## Problem details
Write out every line exactly, from the start of the records below to the line with "wall outside (Wall2", and stop there. Don't write out the pictures.

Items listed in a dataset
[Start of section]
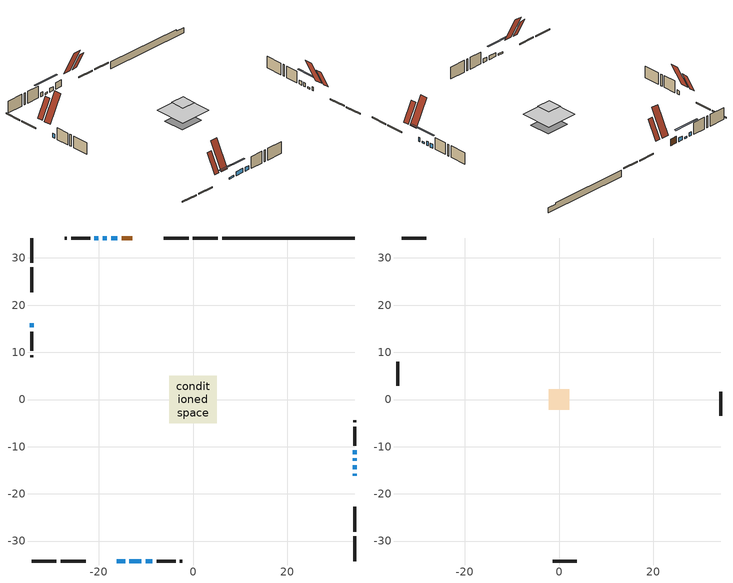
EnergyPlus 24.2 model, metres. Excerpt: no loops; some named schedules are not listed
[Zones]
conditioned space
 floor outside (Floor1 construction): -2.01,-2.01 -2.01,2.01 2.01,2.01 2.01,-2.01 z0.61
 floor adiabatic (AdiabaticFloorConstruction): -5,-5 -5,5 5,5 5,-5 z1.83
 floor foundation (Slab1 construction): -3.66,-3.35 -3.66,3.35 3.66,3.35 3.66,-3.35 z-1.52
 wall outside (RimJoist1 construction): 5.25,34.22 -0.01,34.22 / -34.22,-34.22 -28.97,-34.22 / -34.22,34.22 -34.22,28.97 / 34.22,-34.22 34.22,-28.97 z0.61:0.91
 wall outside (RimJoist2 construction): -0.94,34.22 -6.19,34.22 / -28.04,-34.22 -22.78,-34.22 / -34.22,28.04 -34.22,22.78 / 34.22,-28.04 34.22,-22.78 z0.61:0.91
 wall outside (AdiabaticWallConstruction 1): -12.85,34.22 -15.07,34.22 z0.61:2.64
 wall outside (AdiabaticWallConstruction): 34.22,-16.13 34.22,-15.73 / -16,34.22 -17.37,34.22 / -13.47,-34.22 -10.93,-34.22 / 34.22,-13.02 34.22,-12.48 / -20.09,34.22 -20.89,34.22 / 34.22,-11.55 34.22,-10.71 / -34.22,16.13 -34.22,15.29 / -10,-34.22 -8.63,-34.22 z0.61:1.83; 34.22,-14.81 34.22,-13.94 / -18.29,34.22 -19.16,34.22 / -16.13,-34.22 -14.4,-34.22 z0.61:1.07
 wall outside (Wall1 construction): -21.82,34.22 -25.83,34.22 / -7.71,-34.22 -3.69,-34.22 / -34.22,14.36 -34.22,10.34 / 34.22,-9.78 34.22,-5.77 z0.61:4.27
 wall outside (Wall2 construction): -26.76,34.22 -27.22,34.22 / -2.76,-34.22 -2.3,-34.22 / -34.22,9.41 -34.22,8.95 / 34.22,-4.84 34.22,-4.38 z0.61:4.27
 wall foundation (FoundationWall1 construction): 6.18,34.22,-1.52 6.18,34.22,0.61 31.42,34.22,0.61 31.42,34.22,0.05 34.22,34.22,0.05 34.22,34.22,-1.52
 window (WindowConstruction 7): 34.22,-16.13 34.22,-15.74 z0.61:1.83
 window (WindowConstruction 6): -16,34.22 -17.37,34.22 z0.61:1.83
 window (WindowConstruction 8): 34.22,-14.81 34.22,-13.94 z0.61:1.07
 window (WindowConstruction 9): -18.29,34.22 -19.16,34.22 z0.61:1.07
 window (WindowConstruction 10): -16.13,-34.22 -14.4,-34.22 z0.61:1.07
 window (WindowConstruction): -13.47,-34.22 -10.93,-34.22 z0.61:1.83
 window (WindowConstruction 1): 34.22,-13.01 34.22,-12.48 z0.61:1.83
 window (WindowConstruction 2): -20.09,34.22 -20.89,34.22 z0.61:1.83
 window (WindowConstruction 3): 34.22,-11.55 34.22,-10.71 z0.61:1.83
 window (WindowConstruction 4): -34.22,16.13 -34.22,15.29 z0.61:1.83
 window (WindowConstruction 5): -10,-34.22 -8.63,-34.22 z0.61:1.83
 door (Door): -12.85,34.22 -15.07,34.22 z0.61:2.64
 ceiling adiabatic (AdiabaticFloorConstruction): 5,-5 5,5 -5,5 -5,-5 z1.83
 roof outside (Roof2 construction): -11.92,34.22,4.27 -11.92,30.2,12.31 -9.67,30.2,12.31 -9.67,34.22,4.27; -17.05,-34.22,4.27 -17.05,-30.2,12.31 -19.3,-30.2,12.31 -19.3,-34.22,4.27; -34.22,17.05,4.27 -30.2,17.05,12.31 -30.2,19.3,12.31 -34.22,19.3,4.27; 34.22,-17.05,4.27 30.2,-17.05,12.31 30.2,-19.3,12.31 34.22,-19.3,4.27
attic - vented
 floor to conditioned space (Floor2 construction Reversed): -2.17,-2.17 -2.17,2.17 2.17,2.17 2.17,-2.17 z4.27
 wall outside (Wall3 construction): -28.15,34.22 -33.29,34.22 / -1.37,-34.22 3.77,-34.22 / -34.22,8.02 -34.22,2.88 / 34.22,-3.45 34.22,1.69 z0.61:4.27
 roof outside (Roof1 construction): -8.74,34.22,4.27 -8.74,31.32,10.06 -7.12,31.32,10.06 -7.12,34.22,4.27; -20.23,-34.22,4.27 -20.23,-31.32,10.06 -21.85,-31.32,10.06 -21.85,-34.22,4.27; -34.22,20.23,4.27 -31.32,20.23,10.06 -31.32,21.85,10.06 -34.22,21.85,4.27; 34.22,-20.23,4.27 31.32,-20.23,10.06 31.32,-21.85,10.06 34.22,-21.85,4.27
shading: 34.22,-10.08 34.22,-18.67 34.63,-18.67 34.63,-10.08 z4.93; -23.02,34.22 -14.44,34.22 -14.44,34.63 -23.02,34.63 z4.93; -10.54,-34.22 -19.98,-34.22 -19.98,-34.63 -10.54,-34.63 z4.93
[Building]
Building 1: Terrain=Suburbs
[Site:Location]
Erieau AUT_ON: Latitude {deg}=42.25; Longitude {deg}=-81.9; Time Zone {hr}=-5; Elevation {m}=178; Keep Site Location Information=Yes
[Site:GroundTemperature:Shallow]
5.2292, 3.30147, 3.1471, 4.0619, 7.73432, 11.3896, 14.5586, 16.5661, 16.7366, 15.1039, 12.0157, 8.47254
[Site:WaterMainsTemperature]
Calculation Method=Schedule; Temperature Schedule=mains temperature schedule
[Material] Roughness=Rough; Thermal Absorptance=0.9
Name | Thickness {m} | Conductivity {W/m-K} | Density {kg/m3} | Specific Heat {J/kg-K} | Solar Absorptance | Visible Absorptance
asphalt or fiberglass shingles | 0.00635 | 0.162714 | 1121.4 | 1465.45 | 0.4 | 0.4
ceiling loosefill ins | 0.254 | 0.0480833 | 16.02 | 1046.75 | 0.7 | 0.7
ceiling stud and cavity | 0.1397 | 0.108681 | 65.682 | 1177.47 | 0.7 | 0.7
concrete 4.0 in. | 0.1016 | 1.803125 | 2242.8 | 837.4 | 0.7 | 0.7
concrete 8.0 in. | 0.2032 | 1.803125 | 2242.8 | 837.4 | 0.7 | 0.7
door material | 0.04445 | 0.188738 | 512.64 | 1214.23 | 0.7 | 0.7
exterior vertical ins | 0.0230741 | 0.029427 | 32.04 | 1214.23 | 0.7 | 0.7
floor covering | 0.0127 | 0.0433444 | 54.468 | 1339.84 | 0.6 | 0.6
floor rigid ins; wall rigid ins | 0.512978 | 0.029427 | 32.04 | 1214.23 | 0.7 | 0.7
floor stud and cavity | 0.1397 | 1.58053 | 92.3553 | 1139.71 | 0.7 | 0.7
floor stud and cavity 1 | 0.1397 | 1.75129 | 37.0049 | 1207.88 | 0.7 | 0.7
furniture material conditioned space 1 | 0.1524 | 0.115458 | 640.8 | 1214.23 | 0.6 | 0.6
gypsum board | 0.0127 | 0.160291 | 801 | 837.4 | 0.6 | 0.6
gypsum board 1 | 0.0127 | 0.160291 | 801 | 837.4 | 0.7 | 0.7
osb sheathing 0.5 in. | 0.0127 | 0.115458 | 512.64 | 1214.23 | 0.7 | 0.7
osb sheathing 0.75 in. | 0.01905 | 0.115458 | 512.64 | 1214.23 | 0.7 | 0.7
osb sheathing 2.0 in. | 0.0508 | 0.115458 | 512.64 | 1214.23 | 0.7 | 0.7
rim joist stud and cavity | 0.0508 | 0.177588 | 50.32683 | 1063.81 | 0.6 | 0.6
rim joist stud and cavity 1 | 0.0508 | 0.0454632 | 125.044 | 1163.47 | 0.6 | 0.6
roof rigid ins | 0.103632 | 0.029427 | 32.04 | 1214.23 | 0.7 | 0.7
roof stud and cavity | 0.2032 | 0.318992 | 78.34581 | 1123.46 | 0.7 | 0.7
wall stud and cavity | 0.1397 | 0.116675 | 139.0536 | 1170.24 | 0.7 | 0.7
wall stud and cavity 1 | 0.1397 | 0.132674 | 139.0536 | 1170.24 | 0.7 | 0.7
wall stud and cavity 2 | 0.0889 | 6.9971 | 50.32683 | 1063.81 | 0.6 | 0.6
wall stud and cavity 3 | 0.0889 | 0.380278 | 52.3479 | 1209.89 | 0.7 | 0.7
wall stud and cavity 4 | 0.0889 | 0.391764 | 83.0341 | 1211.67 | 0.7 | 0.7
wood siding | 0.0254 | 0.102417 | 544.68 | 1172.36 | 0.4 | 0.4
wood siding 1 | 0.00254 | 0.102417 | 544.68 | 1172.36 | 0.4 | 0.4
wood siding 2; wood siding 3; wood siding 4 | 0.0254 | 0.102417 | 544.68 | 1172.36 | 0.7 | 0.7
[WindowMaterial:SimpleGlazingSystem]
Name | U-Factor {W/m2-K} | Solar Heat Gain Coefficient
WindowMaterial | 2.98152 | 0.57
WindowMaterial 1 | 3.02751 | 0.48
WindowMaterial 2 | 3.00934 | 0.53
WindowMaterial 3 | 3.0048 | 0.53
WindowMaterial 4 | 3.01445 | 0.51
WindowMaterial 5 | 5.28224 | 0.67
WindowMaterial 6 | 2.74645 | 0.57
[Construction]
AdiabaticFloorConstruction: floor stud and cavity 1, floor rigid ins, osb sheathing 0.75 in., floor covering
AdiabaticWallConstruction: wood siding 3, wall rigid ins, wall stud and cavity 3, gypsum board
AdiabaticWallConstruction 1: wood siding 4, wall rigid ins, wall stud and cavity 3, gypsum board
Door: door material
Floor1 construction: floor stud and cavity, osb sheathing 0.75 in., floor covering
Floor2 construction Reversed: gypsum board, ceiling stud and cavity, ceiling loosefill ins
FoundationWall1 construction: concrete 8.0 in., gypsum board 1
furniture construction conditioned space 1: furniture material conditioned space 1
PartitionWallConstruction: gypsum board, wall stud and cavity 4, gypsum board
RimJoist1 construction: wood siding 2, rim joist stud and cavity
RimJoist2 construction: wood siding 2, osb sheathing 2.0 in., rim joist stud and cavity 1
Roof1 construction: asphalt or fiberglass shingles
Roof2 construction: asphalt or fiberglass shingles, roof rigid ins, osb sheathing 0.75 in., roof stud and cavity, gypsum board
Slab1 construction: concrete 4.0 in.
Wall1 construction: wood siding, osb sheathing 0.5 in., wall stud and cavity, gypsum board
Wall2 construction: wood siding, osb sheathing 0.5 in., wall stud and cavity 1, gypsum board
Wall3 construction: wood siding 1, wall stud and cavity 2
WindowConstruction: WindowMaterial
WindowConstruction 1: WindowMaterial 1
WindowConstruction 10; WindowConstruction 8; WindowConstruction 9: WindowMaterial 6
WindowConstruction 2: WindowMaterial 2
WindowConstruction 3; WindowConstruction 4: WindowMaterial 3
WindowConstruction 5; WindowConstruction 6: WindowMaterial 4
WindowConstruction 7: WindowMaterial 5
[Zone] Multiplier=1; Part of Total Floor Area=Yes
Name | Volume {m3}
attic - vented | 12.1321
conditioned space | 239.5
[Space]
Name | Zone | Volume {m3}
attic - vented 1 | attic - vented | 12.1321
conditioned space 1 | conditioned space | 239.5
[ZoneInfiltration:EffectiveLeakageArea]
infil attic - vented 1: Zone or Space=attic - vented 1; Schedule=Always On Discrete; Effective Air Leakage Area {cm2}=901.44; Stack Coefficient=0.000657393; Wind Coefficient=1.73234e-05
[ZoneMixing]
whole house fan mix: Zone or Space=attic - vented; Schedule=Always On Continuous; Design Flow Rate Calculation Method=Flow/Zone; Design Flow Rate {m3/s}=0; Source Zone or Space=conditioned space
[SurfaceProperty:ExposedFoundationPerimeter]
Slab1: Exposed Perimeter Calculation Method=TotalExposedPerimeter; Total Exposed Perimeter {m}=28.043
[InternalMass] Zone or ZoneList=conditioned space; Space or SpaceList=conditioned space 1
Name | Construction | Surface Area {m2}
furniture mass conditioned space 1 | furniture construction conditioned space 1 | 66.0719
partition wall mass | PartitionWallConstruction | 165.18
[Lights]
interior lighting: Zone or ZoneList or Space or SpaceList=conditioned space 1; Schedule=interior lighting schedule; Design Level Calculation Method=LightingLevel; Lighting Level {W}=343.2; Return Air Fraction=0; Fraction Radiant=0.6; Fraction Visible=0.2; Fraction Replaceable=1
[People]
occupants: Zone or ZoneList or Space or SpaceList=conditioned space 1; Number of People Schedule=occupants schedule; Number of People Calculation Method=People; Number of People=3; Fraction Radiant=0.314171; Sensible Heat Fraction=0.56303; Activity Level Schedule=occupants activity schedule; Carbon Dioxide Generation Rate {m3/s-W}=0; Enable ASHRAE 55 Comfort Warnings=No; Mean Radiant Temperature Calculation Type=EnclosureAveraged
[ElectricEquipment] Zone or ZoneList or Space or SpaceList=conditioned space 1; Design Level Calculation Method=EquipmentLevel
Name | Schedule | Design Level {W} | Fraction Latent | Fraction Radiant | Fraction Lost
clothes dryer | clothes dryer schedule | 140.772 | 0.015 | 0.081 | 0.85
clothes washer | clothes washer schedule | 32.1985 | 0.03 | 0.162 | 0.7
cooking range | cooking range schedule | 215.147 | 0.08 | 0.432 | 0.2
dishwasher | dishwasher schedule | 66.8632 | 0.3 | 0.18 | 0.4
fridge | fridge schedule | 72.9452 | 0 | 0.6 | 0
mech vent house fan | mech vent house fan schedule | 0 | 0 | 0 | 1
mech vent house fan cfis | mech vent house fan cfis schedule | 0 | 0 | 0 | 0
misc plug loads | misc plug loads schedule | 494.7 | 0.045 | 0.513 | 0.1
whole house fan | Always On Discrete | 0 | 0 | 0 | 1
[End of section]
## Result for this task
EnergyPlus 24.2 model, metres. Excerpt: no loops; some named schedules are not listed
[Zones]
conditioned space
 floor outside (Floor1 construction): -2.01,-2.01 -2.01,2.01 2.01,2.01 2.01,-2.01 z0.61
 floor adiabatic (AdiabaticFloorConstruction): -5,-5 -5,5 5,5 5,-5 z1.83
 floor foundation (Slab1 construction): -3.66,-3.35 -3.66,3.35 3.66,3.35 3.66,-3.35 z-1.52
 wall outside (RimJoist1 construction): 5.25,34.22 -0.01,34.22 / -34.22,-34.22 -28.97,-34.22 / -34.22,34.22 -34.22,28.97 / 34.22,-34.22 34.22,-28.97 z0.61:0.91
 wall outside (RimJoist2 construction): -0.94,34.22 -6.19,34.22 / -28.04,-34.22 -22.78,-34.22 / -34.22,28.04 -34.22,22.78 / 34.22,-28.04 34.22,-22.78 z0.61:0.91
 wall outside (AdiabaticWallConstruction 1): -12.85,34.22 -15.07,34.22 z0.61:2.64
 wall outside (AdiabaticWallConstruction): 34.22,-16.13 34.22,-15.73 / -16,34.22 -17.37,34.22 / -13.47,-34.22 -10.93,-34.22 / 34.22,-13.02 34.22,-12.48 / -20.09,34.22 -20.89,34.22 / 34.22,-11.55 34.22,-10.71 / -34.22,16.13 -34.22,15.29 / -10,-34.22 -8.63,-34.22 z0.61:1.83; 34.22,-14.81 34.22,-13.94 / -18.29,34.22 -19.16,34.22 / -16.13,-34.22 -14.4,-34.22 z0.61:1.07
 wall outside (Wall1 construction): -21.82,34.22 -25.83,34.22 / -7.71,-34.22 -3.69,-34.22 / -34.22,14.36 -34.22,10.34 / 34.22,-9.78 34.22,-5.77 z0.61:4.27
 wall outside (Wall2 construction): -26.76,34.22 -27.22,34.22 / -2.76,-34.22 -2.3,-34.22 / -34.22,9.41 -34.22,8.95 / 34.22,-4.84 34.22,-4.38 z0.61:4.27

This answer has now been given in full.